__Work instructions__.
Scan the listing below and copy every line holding "layers".

Start of Available records

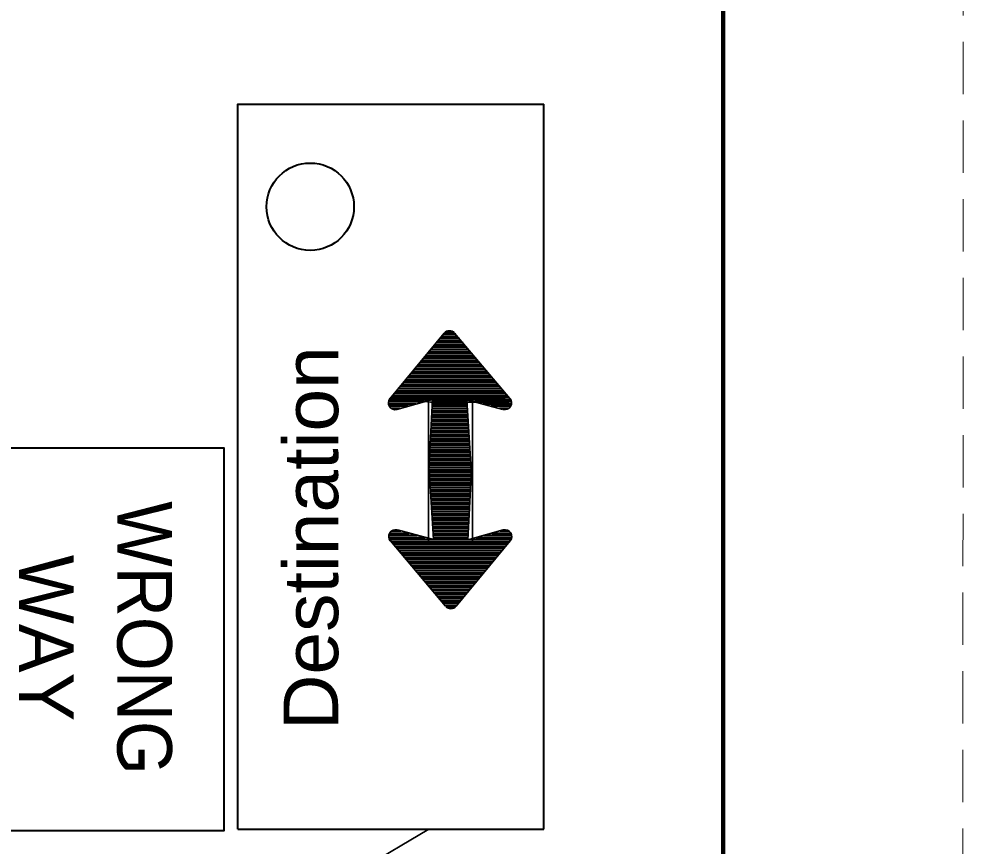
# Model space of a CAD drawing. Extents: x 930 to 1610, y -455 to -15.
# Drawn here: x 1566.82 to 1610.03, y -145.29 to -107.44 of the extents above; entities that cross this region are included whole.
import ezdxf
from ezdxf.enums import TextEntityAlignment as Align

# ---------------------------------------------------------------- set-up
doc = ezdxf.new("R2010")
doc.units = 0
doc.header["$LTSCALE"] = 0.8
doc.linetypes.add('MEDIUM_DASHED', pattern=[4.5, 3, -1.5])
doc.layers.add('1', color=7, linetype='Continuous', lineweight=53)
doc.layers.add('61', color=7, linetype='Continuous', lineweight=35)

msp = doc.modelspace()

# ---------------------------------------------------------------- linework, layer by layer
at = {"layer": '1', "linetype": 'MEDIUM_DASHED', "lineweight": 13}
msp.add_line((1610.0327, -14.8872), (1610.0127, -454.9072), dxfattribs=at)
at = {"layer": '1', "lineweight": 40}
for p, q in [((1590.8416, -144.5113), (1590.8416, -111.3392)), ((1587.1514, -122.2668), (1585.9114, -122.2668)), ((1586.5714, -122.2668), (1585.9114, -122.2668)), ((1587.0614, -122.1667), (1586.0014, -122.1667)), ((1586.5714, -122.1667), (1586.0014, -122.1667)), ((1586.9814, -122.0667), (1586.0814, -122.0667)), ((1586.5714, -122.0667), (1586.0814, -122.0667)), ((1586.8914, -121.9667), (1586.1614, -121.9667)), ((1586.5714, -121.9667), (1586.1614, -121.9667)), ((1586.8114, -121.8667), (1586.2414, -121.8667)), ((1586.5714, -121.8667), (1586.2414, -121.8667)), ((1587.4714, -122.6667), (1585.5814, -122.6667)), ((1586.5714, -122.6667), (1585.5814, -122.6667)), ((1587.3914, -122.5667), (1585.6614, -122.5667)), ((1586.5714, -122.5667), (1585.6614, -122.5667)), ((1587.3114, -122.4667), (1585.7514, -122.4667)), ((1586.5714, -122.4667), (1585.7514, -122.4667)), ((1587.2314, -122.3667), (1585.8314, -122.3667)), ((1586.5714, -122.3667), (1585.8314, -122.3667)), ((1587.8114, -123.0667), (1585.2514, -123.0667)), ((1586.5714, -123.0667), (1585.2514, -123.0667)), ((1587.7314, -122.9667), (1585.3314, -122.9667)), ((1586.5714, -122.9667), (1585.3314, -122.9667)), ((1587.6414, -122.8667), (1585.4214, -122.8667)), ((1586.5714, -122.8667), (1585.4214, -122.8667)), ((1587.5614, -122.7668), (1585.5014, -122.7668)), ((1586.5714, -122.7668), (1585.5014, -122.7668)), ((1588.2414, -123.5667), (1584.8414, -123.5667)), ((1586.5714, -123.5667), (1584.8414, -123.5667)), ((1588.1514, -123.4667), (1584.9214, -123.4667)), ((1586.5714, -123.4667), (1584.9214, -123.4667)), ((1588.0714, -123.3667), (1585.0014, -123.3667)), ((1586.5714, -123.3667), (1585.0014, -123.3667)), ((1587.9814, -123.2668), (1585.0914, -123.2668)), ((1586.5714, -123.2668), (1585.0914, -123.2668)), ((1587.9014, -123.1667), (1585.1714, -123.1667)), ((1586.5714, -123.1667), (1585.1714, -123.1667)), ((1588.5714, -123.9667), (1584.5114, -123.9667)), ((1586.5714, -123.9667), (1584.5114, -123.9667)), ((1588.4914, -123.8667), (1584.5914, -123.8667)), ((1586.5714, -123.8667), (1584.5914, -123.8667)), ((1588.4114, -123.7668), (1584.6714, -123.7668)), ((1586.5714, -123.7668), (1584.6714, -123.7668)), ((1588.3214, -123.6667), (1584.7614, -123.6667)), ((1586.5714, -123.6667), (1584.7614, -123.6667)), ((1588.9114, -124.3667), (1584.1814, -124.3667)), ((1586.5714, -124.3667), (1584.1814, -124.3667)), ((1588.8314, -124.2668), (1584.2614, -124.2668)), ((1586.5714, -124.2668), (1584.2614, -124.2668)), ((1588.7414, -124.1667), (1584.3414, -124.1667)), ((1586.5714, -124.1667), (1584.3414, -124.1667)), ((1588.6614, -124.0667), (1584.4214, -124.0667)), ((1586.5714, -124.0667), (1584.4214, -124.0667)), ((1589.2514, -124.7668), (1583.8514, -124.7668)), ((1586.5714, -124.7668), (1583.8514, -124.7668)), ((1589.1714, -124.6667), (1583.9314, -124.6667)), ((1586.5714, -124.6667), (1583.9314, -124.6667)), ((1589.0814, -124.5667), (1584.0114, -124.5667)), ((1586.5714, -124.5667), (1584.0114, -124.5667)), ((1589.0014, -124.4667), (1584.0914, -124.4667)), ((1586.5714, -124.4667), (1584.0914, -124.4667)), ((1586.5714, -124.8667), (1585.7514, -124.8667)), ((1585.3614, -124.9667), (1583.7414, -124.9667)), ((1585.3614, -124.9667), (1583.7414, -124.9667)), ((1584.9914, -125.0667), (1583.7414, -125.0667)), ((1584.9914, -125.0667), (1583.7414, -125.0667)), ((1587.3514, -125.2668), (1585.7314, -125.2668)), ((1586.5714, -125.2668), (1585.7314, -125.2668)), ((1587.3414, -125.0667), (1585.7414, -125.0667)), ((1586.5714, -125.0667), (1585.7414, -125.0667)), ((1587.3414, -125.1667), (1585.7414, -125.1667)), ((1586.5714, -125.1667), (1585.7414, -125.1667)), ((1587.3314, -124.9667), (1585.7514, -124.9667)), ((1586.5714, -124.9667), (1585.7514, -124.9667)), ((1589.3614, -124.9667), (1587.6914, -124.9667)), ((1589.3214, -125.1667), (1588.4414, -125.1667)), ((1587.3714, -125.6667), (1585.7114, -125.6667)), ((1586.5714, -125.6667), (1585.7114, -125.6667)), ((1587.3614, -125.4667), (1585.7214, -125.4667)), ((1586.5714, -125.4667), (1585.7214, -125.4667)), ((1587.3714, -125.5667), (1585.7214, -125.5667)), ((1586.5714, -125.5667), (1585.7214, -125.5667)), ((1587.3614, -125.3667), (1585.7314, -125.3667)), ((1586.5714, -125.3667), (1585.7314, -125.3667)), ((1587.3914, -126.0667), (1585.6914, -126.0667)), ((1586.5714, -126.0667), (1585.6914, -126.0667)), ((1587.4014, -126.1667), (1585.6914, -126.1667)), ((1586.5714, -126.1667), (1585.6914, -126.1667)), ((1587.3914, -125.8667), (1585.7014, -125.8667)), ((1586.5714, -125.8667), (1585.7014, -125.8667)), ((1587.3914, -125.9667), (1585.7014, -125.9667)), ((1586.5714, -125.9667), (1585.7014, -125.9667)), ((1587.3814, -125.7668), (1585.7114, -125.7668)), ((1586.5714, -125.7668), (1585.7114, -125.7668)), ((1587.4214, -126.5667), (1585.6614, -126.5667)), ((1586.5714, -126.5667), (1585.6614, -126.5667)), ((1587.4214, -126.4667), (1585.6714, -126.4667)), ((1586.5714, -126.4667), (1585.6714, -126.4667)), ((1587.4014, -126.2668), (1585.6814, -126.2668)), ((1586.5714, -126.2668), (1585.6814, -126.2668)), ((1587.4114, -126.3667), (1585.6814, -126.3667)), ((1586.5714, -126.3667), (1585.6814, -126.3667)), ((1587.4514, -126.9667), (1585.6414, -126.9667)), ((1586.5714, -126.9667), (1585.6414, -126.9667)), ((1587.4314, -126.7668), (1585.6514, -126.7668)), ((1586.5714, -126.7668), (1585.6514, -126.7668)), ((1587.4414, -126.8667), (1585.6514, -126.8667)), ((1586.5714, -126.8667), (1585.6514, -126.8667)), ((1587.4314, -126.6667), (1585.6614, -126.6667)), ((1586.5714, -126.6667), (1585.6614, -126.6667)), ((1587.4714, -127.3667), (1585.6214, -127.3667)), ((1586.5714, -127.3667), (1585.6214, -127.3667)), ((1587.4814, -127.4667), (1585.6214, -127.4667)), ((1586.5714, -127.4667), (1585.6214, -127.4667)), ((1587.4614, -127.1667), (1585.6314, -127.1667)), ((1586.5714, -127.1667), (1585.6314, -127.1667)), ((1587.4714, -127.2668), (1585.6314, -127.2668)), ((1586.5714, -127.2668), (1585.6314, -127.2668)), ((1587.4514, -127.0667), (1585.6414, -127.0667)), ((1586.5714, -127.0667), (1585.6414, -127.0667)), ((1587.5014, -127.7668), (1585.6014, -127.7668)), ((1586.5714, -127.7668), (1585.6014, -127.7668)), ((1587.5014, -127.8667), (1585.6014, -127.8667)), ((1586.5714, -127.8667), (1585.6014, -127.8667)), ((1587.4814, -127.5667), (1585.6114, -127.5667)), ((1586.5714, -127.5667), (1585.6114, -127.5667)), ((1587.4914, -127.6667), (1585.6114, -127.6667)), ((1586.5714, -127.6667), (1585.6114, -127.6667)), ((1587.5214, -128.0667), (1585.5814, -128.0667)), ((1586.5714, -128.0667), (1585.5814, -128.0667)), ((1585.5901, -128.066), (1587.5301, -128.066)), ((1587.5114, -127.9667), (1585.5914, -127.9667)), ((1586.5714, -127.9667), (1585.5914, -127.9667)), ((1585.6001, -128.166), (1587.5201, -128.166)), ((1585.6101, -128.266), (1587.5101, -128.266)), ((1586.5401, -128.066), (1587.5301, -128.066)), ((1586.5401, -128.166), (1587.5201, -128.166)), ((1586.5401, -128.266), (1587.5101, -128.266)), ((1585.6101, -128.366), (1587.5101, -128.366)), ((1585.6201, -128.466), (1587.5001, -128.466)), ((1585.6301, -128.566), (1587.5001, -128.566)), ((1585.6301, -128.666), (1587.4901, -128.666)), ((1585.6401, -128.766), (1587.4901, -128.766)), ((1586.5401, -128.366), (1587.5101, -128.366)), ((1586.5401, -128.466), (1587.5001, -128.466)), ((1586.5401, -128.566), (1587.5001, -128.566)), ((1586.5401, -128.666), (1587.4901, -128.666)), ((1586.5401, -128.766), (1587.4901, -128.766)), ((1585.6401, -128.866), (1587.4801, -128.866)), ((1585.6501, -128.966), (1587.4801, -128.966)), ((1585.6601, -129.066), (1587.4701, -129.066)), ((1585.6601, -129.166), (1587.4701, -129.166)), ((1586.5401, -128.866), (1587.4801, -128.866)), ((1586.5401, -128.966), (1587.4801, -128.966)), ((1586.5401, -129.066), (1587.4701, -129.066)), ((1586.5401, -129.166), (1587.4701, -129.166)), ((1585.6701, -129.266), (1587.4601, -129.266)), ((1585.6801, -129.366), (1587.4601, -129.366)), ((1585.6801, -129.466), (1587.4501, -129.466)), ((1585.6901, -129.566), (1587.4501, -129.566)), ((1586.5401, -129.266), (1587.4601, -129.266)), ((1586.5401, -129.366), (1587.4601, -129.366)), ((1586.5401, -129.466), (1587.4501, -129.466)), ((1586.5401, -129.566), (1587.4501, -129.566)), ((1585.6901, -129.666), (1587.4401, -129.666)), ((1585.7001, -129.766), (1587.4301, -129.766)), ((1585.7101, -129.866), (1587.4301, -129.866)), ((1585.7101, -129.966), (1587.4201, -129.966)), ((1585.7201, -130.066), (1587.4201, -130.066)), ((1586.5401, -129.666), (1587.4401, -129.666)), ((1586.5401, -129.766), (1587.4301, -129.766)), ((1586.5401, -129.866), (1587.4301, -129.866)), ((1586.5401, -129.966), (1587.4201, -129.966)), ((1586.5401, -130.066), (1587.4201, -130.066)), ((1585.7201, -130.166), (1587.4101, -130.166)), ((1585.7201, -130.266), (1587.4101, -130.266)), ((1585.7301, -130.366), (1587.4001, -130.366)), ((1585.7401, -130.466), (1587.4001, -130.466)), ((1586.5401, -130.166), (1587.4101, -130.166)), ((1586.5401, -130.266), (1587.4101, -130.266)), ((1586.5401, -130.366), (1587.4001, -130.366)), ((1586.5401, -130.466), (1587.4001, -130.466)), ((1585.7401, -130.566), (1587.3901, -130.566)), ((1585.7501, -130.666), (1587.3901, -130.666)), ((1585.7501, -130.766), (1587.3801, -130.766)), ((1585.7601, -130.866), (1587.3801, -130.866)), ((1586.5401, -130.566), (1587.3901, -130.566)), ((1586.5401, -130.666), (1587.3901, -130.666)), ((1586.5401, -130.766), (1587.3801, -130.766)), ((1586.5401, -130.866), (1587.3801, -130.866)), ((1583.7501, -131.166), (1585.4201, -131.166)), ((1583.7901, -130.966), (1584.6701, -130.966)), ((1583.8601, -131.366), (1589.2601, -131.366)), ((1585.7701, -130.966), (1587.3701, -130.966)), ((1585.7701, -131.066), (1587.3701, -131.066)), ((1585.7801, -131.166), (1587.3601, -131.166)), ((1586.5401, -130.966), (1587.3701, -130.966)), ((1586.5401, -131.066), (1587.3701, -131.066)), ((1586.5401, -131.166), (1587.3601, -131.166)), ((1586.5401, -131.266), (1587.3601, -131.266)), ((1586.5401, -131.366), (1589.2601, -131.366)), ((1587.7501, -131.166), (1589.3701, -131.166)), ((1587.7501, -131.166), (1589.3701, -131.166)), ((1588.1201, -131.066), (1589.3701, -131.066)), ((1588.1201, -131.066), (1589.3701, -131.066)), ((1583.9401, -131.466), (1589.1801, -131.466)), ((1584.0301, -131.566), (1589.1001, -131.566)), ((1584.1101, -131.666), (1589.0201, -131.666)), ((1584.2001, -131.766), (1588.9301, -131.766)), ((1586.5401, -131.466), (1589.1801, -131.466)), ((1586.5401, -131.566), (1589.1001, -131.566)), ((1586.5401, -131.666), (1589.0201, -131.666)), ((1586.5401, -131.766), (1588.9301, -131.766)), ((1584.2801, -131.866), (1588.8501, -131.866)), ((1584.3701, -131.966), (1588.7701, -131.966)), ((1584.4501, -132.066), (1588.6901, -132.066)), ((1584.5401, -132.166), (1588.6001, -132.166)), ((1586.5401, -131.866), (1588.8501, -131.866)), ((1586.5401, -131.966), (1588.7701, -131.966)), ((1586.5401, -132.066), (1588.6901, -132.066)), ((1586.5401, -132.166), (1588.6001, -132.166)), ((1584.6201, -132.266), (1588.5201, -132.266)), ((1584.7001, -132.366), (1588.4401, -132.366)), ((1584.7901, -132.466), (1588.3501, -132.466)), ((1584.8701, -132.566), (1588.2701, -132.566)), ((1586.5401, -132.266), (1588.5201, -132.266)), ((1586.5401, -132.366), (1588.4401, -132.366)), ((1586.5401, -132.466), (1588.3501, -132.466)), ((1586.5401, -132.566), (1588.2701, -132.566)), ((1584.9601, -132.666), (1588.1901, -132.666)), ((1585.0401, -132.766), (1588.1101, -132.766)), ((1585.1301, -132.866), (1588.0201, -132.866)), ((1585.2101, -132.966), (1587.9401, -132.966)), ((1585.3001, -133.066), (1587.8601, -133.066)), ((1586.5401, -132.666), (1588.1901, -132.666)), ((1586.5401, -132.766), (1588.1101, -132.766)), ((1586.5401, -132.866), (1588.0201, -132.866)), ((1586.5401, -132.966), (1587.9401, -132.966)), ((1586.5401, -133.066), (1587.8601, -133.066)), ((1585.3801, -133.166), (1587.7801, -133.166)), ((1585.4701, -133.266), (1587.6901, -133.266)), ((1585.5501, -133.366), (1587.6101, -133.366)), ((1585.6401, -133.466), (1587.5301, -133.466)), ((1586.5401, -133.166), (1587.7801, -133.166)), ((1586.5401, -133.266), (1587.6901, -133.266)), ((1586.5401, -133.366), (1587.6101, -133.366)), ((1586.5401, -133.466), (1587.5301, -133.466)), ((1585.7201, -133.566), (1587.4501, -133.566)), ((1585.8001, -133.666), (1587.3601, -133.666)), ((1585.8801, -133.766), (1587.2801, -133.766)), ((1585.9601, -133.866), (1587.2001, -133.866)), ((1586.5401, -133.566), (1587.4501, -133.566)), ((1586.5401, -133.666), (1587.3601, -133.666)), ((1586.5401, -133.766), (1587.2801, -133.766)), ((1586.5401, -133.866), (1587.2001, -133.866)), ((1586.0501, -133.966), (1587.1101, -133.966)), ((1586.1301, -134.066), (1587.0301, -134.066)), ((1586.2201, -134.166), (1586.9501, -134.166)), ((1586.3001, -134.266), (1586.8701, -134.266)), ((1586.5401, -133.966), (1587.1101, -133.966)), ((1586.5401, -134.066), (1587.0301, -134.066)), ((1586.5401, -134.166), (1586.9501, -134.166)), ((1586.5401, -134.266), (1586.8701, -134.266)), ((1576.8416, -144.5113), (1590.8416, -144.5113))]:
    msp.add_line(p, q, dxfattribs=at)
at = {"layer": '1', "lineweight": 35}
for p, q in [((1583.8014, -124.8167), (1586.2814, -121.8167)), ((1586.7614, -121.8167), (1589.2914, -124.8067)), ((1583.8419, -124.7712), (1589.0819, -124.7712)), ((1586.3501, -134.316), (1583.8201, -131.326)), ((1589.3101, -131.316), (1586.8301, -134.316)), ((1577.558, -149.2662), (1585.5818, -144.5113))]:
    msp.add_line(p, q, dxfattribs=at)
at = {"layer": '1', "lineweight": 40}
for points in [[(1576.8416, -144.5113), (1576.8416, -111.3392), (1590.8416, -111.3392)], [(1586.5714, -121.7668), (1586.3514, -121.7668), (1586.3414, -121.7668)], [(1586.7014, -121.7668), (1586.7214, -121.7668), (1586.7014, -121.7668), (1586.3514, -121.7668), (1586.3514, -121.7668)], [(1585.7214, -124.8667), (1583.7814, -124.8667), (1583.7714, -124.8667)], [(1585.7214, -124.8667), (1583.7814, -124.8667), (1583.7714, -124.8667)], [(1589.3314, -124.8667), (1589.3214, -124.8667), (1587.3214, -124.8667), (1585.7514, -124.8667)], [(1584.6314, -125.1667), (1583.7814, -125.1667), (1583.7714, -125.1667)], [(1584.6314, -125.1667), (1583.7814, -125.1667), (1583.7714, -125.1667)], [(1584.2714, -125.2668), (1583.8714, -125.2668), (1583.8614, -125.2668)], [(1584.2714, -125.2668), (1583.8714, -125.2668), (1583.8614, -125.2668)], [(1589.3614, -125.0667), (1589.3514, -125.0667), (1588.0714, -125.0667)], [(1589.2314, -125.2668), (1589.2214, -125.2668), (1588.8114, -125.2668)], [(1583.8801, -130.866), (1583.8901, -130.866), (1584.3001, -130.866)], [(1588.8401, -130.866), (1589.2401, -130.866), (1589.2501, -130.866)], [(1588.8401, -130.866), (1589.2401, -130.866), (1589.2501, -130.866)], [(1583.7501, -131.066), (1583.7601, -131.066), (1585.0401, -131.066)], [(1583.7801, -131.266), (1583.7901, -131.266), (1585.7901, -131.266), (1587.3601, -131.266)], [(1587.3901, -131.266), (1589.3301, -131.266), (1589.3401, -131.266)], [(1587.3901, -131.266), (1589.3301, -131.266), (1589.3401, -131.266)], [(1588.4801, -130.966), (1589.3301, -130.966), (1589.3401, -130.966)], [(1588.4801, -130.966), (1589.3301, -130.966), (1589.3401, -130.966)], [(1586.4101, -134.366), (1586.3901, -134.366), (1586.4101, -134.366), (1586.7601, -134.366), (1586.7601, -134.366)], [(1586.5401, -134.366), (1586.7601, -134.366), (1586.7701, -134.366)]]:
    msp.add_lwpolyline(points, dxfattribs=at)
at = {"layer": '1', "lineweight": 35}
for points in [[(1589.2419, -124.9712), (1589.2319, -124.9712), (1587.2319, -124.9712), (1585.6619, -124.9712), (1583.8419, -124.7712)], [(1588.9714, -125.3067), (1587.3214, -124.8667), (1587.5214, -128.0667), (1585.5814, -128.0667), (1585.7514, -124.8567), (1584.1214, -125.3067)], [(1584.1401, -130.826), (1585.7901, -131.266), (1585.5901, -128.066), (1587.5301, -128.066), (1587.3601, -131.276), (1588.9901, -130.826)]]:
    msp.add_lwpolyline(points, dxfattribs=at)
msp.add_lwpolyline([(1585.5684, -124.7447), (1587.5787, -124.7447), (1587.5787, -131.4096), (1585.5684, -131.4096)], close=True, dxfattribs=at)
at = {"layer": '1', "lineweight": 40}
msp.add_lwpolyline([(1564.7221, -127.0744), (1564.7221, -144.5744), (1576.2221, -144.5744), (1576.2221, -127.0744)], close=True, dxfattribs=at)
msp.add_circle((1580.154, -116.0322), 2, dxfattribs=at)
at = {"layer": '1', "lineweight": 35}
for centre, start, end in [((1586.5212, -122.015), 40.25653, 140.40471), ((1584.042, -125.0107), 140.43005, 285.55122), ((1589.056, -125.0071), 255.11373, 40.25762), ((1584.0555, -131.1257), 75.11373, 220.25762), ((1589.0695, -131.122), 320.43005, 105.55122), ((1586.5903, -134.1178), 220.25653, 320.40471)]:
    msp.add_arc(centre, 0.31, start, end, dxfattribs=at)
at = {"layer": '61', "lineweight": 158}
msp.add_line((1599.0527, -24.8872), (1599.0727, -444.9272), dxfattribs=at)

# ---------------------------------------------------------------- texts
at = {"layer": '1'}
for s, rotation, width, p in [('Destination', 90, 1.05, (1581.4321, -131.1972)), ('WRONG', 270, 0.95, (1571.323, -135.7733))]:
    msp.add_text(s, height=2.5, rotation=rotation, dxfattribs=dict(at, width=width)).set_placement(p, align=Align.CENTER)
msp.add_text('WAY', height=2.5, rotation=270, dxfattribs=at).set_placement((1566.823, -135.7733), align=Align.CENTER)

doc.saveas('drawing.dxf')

End of Available records

__Task solution__.
doc.layers.add('1', color=7, linetype='Continuous', lineweight=53)
doc.layers.add('61', color=7, linetype='Continuous', lineweight=35)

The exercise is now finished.